◆ **How to complete this task**:
The answer should consist of each line from the data below that includes "linetypes".

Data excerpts
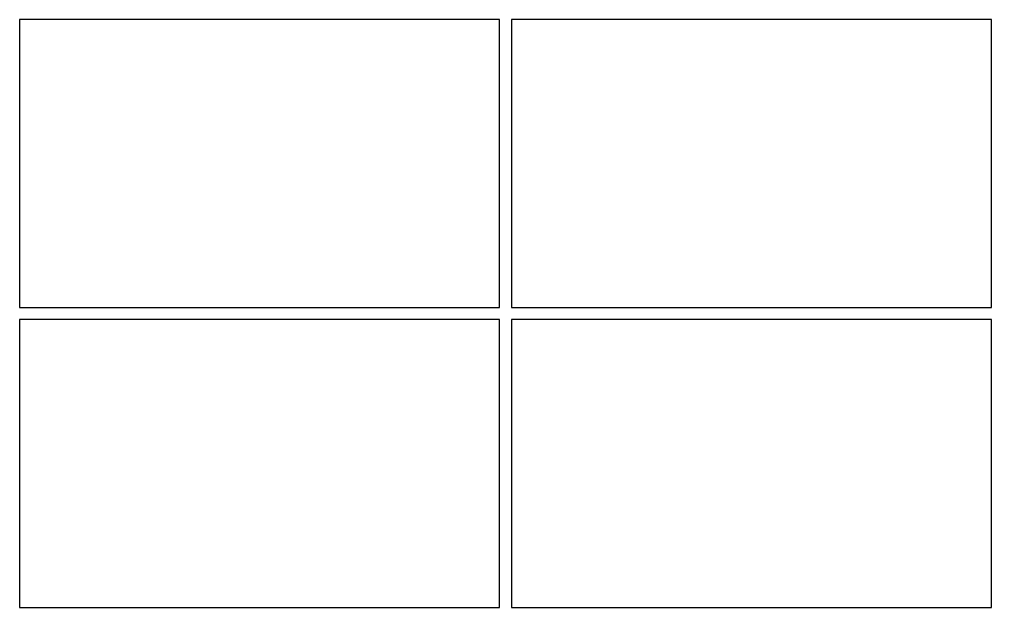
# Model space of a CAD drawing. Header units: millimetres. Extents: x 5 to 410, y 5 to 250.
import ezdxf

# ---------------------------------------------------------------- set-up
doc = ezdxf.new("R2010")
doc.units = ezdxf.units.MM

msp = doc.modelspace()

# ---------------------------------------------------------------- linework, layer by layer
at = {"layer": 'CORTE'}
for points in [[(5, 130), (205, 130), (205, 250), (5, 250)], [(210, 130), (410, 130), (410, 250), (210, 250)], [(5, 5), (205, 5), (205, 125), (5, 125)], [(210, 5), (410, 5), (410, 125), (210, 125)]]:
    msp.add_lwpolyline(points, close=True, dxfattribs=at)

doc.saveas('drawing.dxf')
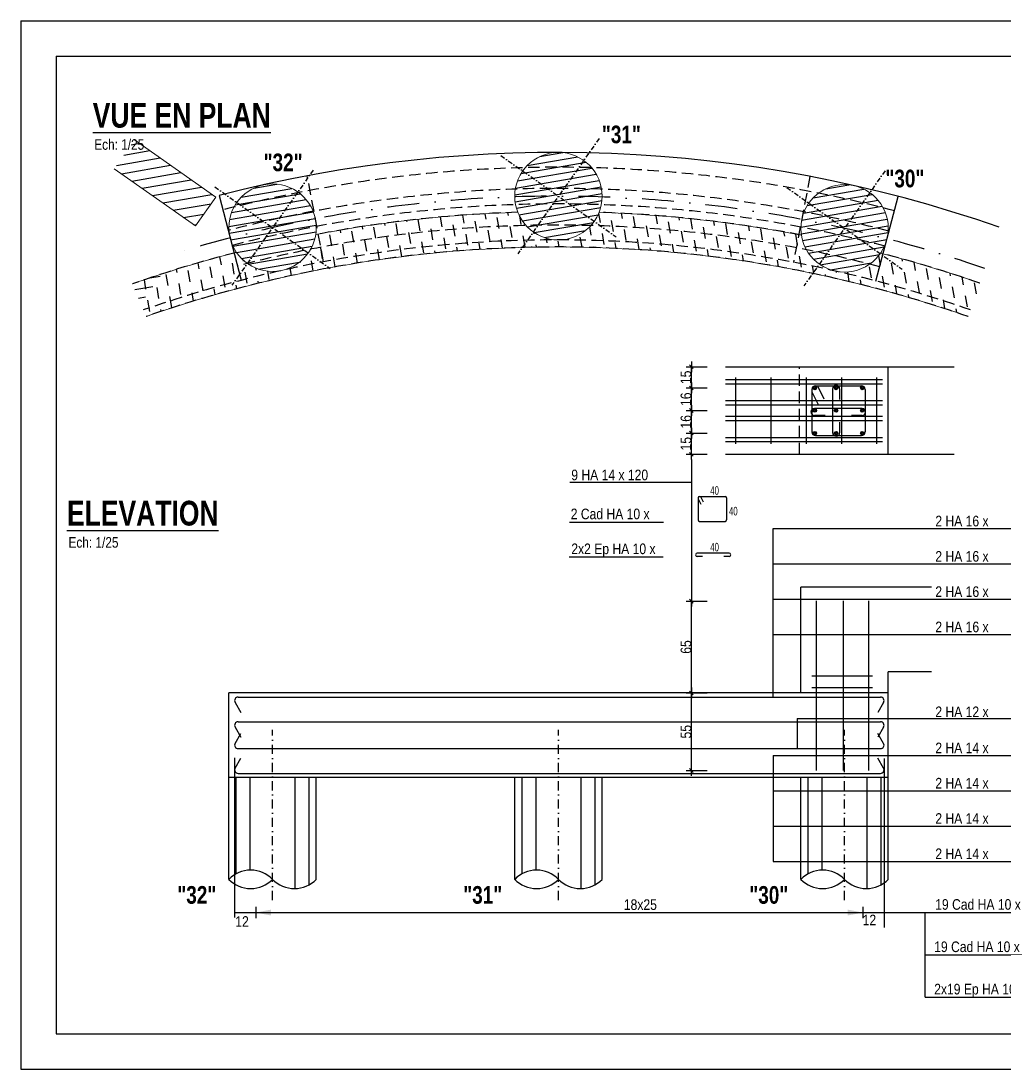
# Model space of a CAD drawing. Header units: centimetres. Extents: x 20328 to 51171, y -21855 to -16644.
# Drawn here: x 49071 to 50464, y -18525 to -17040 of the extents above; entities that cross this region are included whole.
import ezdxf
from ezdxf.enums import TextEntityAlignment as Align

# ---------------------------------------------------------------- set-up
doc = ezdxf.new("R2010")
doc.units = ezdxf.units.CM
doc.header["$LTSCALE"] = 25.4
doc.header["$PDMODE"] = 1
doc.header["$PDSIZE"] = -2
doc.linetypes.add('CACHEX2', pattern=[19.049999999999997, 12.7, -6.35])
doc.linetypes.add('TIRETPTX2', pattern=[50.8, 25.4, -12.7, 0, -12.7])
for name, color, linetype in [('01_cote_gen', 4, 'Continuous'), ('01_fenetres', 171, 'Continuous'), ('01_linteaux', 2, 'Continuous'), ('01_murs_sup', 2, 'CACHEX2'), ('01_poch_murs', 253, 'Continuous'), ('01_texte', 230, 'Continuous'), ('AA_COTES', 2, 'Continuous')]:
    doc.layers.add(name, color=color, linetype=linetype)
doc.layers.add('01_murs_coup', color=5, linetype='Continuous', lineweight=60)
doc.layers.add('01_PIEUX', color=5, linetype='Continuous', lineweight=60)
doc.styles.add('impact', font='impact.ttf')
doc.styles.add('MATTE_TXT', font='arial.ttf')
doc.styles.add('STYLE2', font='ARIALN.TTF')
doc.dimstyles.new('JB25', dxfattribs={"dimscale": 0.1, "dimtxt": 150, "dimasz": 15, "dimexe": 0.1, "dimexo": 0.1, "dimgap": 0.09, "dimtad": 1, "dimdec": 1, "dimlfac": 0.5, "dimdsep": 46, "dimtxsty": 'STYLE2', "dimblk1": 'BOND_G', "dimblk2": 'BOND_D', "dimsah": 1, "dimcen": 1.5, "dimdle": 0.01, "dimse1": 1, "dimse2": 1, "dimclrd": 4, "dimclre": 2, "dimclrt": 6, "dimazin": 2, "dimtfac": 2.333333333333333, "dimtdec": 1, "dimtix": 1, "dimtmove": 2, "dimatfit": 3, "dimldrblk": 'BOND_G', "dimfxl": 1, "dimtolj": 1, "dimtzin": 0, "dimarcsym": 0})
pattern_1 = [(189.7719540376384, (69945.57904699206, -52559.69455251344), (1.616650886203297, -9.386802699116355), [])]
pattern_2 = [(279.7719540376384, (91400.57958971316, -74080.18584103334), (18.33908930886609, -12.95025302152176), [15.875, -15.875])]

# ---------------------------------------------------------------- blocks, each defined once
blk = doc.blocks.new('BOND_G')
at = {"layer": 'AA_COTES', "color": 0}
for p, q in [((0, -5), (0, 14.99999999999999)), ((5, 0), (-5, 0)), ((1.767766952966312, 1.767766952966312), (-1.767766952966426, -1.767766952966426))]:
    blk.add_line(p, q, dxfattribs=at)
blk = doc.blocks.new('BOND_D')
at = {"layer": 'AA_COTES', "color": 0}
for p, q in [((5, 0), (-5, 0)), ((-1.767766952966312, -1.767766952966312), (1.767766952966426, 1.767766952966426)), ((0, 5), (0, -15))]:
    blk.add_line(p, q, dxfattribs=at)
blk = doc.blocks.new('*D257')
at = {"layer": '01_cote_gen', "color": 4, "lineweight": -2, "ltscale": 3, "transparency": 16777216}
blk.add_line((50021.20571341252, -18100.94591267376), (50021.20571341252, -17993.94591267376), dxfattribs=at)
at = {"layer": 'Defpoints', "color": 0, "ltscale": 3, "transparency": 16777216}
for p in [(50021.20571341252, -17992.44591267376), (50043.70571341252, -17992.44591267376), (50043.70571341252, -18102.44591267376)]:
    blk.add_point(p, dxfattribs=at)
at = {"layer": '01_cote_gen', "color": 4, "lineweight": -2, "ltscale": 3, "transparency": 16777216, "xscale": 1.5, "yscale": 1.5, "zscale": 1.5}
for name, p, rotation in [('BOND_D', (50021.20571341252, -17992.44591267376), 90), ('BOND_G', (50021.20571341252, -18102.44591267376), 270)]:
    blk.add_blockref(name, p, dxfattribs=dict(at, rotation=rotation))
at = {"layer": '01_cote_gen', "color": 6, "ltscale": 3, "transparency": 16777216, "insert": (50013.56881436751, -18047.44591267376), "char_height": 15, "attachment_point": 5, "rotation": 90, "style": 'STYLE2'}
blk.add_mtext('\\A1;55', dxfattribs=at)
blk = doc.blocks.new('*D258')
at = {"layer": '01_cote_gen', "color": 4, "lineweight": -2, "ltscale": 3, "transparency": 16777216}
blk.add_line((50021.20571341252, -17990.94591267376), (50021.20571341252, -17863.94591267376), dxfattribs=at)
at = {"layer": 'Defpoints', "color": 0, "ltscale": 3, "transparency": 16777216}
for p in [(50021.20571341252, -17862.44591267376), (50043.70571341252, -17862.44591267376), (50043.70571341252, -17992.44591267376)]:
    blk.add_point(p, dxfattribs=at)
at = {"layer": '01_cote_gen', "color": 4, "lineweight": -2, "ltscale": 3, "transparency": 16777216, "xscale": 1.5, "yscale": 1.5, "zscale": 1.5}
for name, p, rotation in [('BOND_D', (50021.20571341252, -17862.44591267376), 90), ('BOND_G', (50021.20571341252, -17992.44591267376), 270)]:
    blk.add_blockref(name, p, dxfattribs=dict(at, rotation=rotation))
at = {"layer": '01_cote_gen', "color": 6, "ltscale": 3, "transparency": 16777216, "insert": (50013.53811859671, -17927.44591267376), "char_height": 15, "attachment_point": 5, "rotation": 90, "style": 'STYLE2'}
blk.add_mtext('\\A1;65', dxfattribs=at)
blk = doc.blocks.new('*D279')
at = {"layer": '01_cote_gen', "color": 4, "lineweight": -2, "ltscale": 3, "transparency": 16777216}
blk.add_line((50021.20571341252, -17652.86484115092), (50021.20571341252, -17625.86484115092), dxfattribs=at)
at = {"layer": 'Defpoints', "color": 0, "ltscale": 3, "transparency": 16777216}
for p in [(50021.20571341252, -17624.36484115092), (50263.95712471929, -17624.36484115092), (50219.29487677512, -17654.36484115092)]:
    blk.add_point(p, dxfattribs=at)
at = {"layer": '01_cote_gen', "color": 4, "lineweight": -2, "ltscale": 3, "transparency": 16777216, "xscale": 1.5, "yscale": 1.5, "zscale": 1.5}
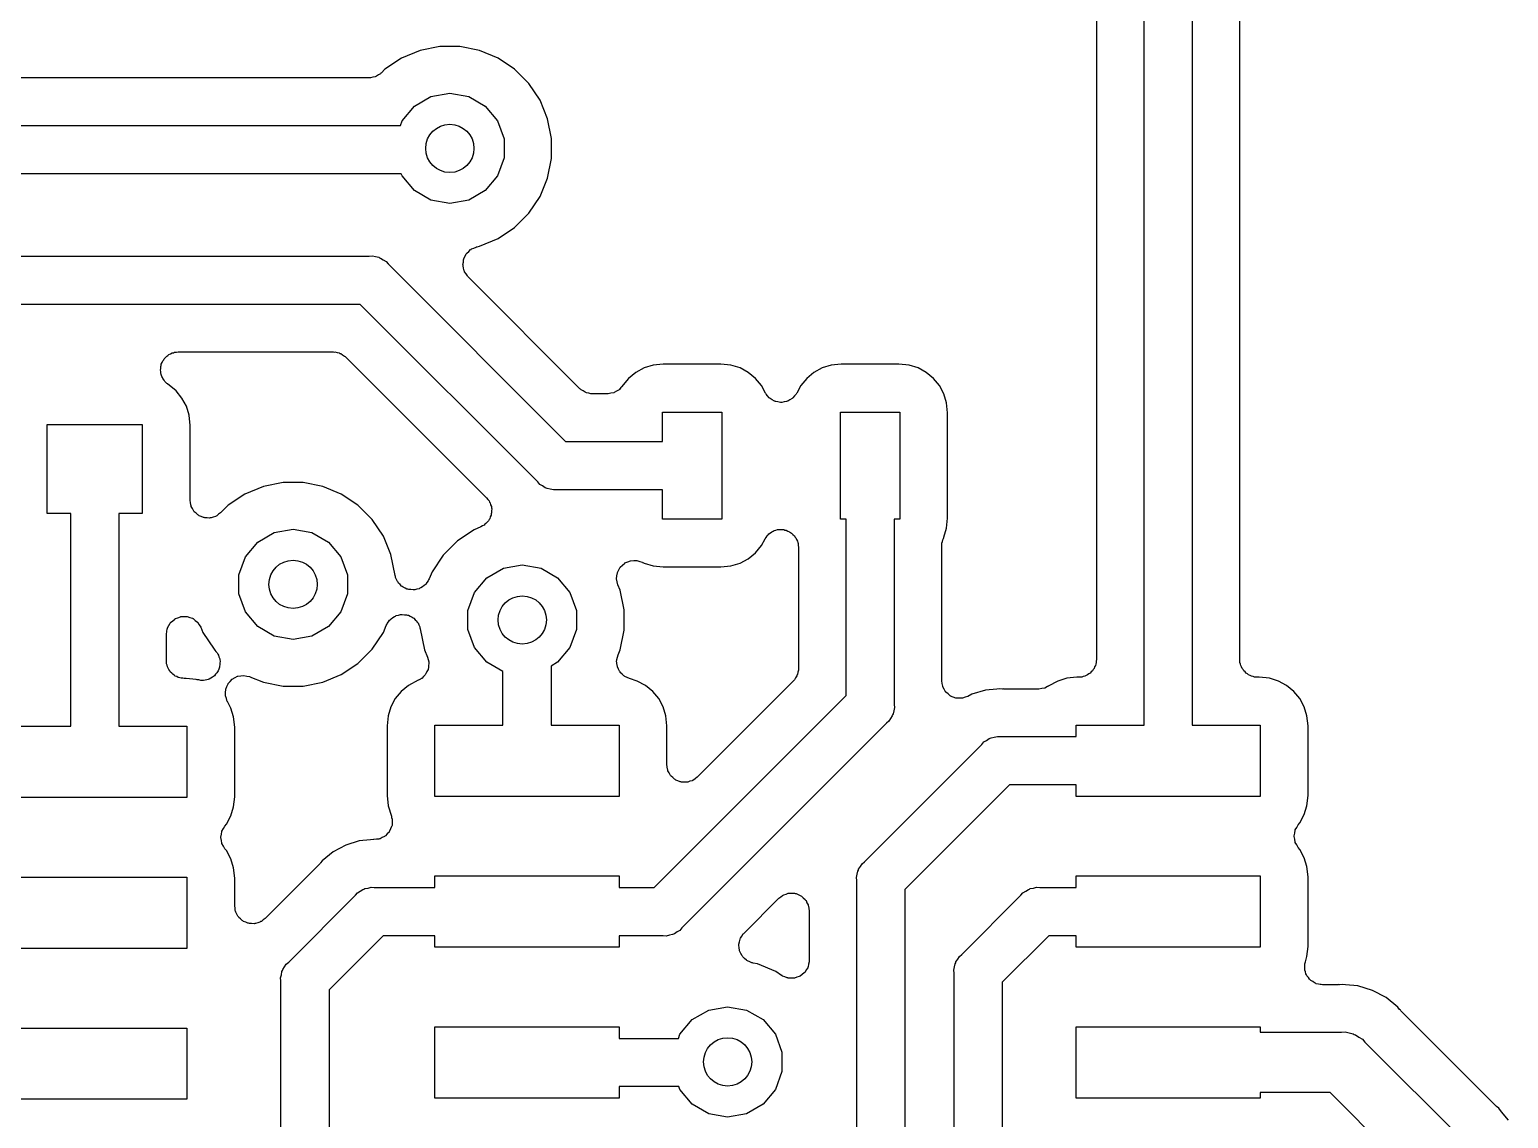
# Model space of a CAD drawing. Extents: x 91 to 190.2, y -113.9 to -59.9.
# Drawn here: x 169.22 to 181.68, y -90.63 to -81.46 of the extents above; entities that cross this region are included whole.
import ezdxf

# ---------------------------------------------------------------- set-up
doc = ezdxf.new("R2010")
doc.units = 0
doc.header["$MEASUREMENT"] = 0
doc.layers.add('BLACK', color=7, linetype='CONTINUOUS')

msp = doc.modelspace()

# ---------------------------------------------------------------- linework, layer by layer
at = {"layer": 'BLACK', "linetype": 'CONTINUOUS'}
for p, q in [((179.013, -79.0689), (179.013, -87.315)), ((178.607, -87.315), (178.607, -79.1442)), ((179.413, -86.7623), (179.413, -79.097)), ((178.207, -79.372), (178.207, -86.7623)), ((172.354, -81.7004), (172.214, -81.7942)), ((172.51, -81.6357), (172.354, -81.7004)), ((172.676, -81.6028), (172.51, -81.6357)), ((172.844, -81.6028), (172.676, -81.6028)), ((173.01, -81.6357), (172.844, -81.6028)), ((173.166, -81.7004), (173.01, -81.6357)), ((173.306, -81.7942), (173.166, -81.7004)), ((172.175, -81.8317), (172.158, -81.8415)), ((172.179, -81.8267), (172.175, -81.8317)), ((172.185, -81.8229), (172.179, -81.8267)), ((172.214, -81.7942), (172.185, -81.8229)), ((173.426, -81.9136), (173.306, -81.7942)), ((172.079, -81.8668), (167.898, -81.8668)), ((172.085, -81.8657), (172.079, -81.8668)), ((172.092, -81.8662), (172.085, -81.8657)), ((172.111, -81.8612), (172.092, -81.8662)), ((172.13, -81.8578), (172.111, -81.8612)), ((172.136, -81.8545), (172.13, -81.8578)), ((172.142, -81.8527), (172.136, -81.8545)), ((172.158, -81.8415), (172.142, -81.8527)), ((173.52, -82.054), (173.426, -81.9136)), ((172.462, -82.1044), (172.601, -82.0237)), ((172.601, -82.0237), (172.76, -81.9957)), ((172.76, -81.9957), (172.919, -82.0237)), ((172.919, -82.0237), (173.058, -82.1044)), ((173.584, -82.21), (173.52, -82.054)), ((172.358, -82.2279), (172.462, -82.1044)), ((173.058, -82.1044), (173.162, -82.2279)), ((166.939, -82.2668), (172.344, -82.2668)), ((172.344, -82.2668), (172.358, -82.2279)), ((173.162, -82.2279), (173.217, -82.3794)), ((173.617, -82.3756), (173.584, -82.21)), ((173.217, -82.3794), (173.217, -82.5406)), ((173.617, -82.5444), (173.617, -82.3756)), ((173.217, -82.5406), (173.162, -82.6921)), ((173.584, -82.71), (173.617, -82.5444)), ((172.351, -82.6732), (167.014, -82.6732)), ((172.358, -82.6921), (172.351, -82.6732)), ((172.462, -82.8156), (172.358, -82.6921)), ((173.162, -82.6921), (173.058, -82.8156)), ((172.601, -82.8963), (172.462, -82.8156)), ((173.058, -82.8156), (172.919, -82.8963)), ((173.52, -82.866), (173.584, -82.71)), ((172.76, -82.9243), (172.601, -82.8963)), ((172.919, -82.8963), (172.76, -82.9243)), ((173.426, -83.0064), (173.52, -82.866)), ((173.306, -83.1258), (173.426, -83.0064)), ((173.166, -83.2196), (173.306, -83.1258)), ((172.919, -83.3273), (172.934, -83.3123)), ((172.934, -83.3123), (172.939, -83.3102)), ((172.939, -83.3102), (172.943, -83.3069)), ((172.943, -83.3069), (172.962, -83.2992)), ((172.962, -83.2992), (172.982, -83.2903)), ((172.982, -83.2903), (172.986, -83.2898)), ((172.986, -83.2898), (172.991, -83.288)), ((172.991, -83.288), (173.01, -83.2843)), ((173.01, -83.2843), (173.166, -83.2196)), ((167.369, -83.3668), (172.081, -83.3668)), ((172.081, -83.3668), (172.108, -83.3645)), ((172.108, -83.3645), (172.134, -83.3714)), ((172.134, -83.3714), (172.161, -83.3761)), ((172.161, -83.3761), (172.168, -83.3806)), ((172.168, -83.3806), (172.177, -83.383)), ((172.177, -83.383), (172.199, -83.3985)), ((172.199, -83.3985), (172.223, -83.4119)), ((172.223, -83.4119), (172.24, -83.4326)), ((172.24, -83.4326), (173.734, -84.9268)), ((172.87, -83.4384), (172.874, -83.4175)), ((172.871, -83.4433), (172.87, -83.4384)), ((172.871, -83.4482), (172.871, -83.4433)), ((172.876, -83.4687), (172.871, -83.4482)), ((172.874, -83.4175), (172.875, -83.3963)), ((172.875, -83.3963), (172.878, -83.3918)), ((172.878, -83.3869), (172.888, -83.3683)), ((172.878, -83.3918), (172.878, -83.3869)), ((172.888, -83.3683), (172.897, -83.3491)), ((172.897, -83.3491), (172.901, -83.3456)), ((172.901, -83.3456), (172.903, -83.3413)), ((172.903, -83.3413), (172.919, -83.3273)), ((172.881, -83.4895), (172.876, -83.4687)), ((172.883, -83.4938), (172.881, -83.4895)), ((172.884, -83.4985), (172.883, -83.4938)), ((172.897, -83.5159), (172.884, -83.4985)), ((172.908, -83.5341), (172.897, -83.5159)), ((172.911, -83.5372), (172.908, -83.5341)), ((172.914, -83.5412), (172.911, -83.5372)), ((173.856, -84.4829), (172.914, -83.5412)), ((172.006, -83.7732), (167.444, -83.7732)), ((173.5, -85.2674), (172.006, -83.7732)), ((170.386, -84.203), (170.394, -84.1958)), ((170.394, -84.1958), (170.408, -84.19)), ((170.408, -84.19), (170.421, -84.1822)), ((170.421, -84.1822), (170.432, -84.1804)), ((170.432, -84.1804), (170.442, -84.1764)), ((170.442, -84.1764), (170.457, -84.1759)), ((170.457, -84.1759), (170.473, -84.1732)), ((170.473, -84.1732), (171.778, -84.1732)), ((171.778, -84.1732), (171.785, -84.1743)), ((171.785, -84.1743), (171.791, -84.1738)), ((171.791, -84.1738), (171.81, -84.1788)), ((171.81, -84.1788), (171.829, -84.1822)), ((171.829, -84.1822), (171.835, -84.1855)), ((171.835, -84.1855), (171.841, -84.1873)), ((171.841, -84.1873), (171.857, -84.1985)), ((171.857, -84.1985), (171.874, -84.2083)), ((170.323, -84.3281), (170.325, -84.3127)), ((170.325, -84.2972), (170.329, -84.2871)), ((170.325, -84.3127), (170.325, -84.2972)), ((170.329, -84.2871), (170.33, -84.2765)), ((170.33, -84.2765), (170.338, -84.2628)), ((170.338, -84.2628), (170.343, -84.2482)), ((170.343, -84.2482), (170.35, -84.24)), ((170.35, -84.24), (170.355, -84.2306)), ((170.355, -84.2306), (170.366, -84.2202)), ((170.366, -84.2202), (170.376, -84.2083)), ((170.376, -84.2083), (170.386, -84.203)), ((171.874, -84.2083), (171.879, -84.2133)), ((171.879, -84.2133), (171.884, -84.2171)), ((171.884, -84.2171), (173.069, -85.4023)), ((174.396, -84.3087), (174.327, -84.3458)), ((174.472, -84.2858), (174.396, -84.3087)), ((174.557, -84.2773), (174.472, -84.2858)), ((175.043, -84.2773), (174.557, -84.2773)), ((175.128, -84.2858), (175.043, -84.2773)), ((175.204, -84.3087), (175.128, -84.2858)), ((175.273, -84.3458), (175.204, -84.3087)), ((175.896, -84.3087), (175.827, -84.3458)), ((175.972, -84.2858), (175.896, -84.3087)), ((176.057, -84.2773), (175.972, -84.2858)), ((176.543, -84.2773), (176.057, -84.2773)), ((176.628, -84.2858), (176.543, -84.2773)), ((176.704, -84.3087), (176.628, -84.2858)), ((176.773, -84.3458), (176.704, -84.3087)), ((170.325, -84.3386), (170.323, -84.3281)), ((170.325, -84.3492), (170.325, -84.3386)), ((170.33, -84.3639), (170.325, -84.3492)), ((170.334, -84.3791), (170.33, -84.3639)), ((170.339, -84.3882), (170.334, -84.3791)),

◆ **Answer for this exercise**:
doc.linetypes.add('CACHEX2', pattern=[19.049999999999997, 12.7, -6.35])
doc.linetypes.add('TIRETPTX2', pattern=[50.8, 25.4, -12.7, 0, -12.7])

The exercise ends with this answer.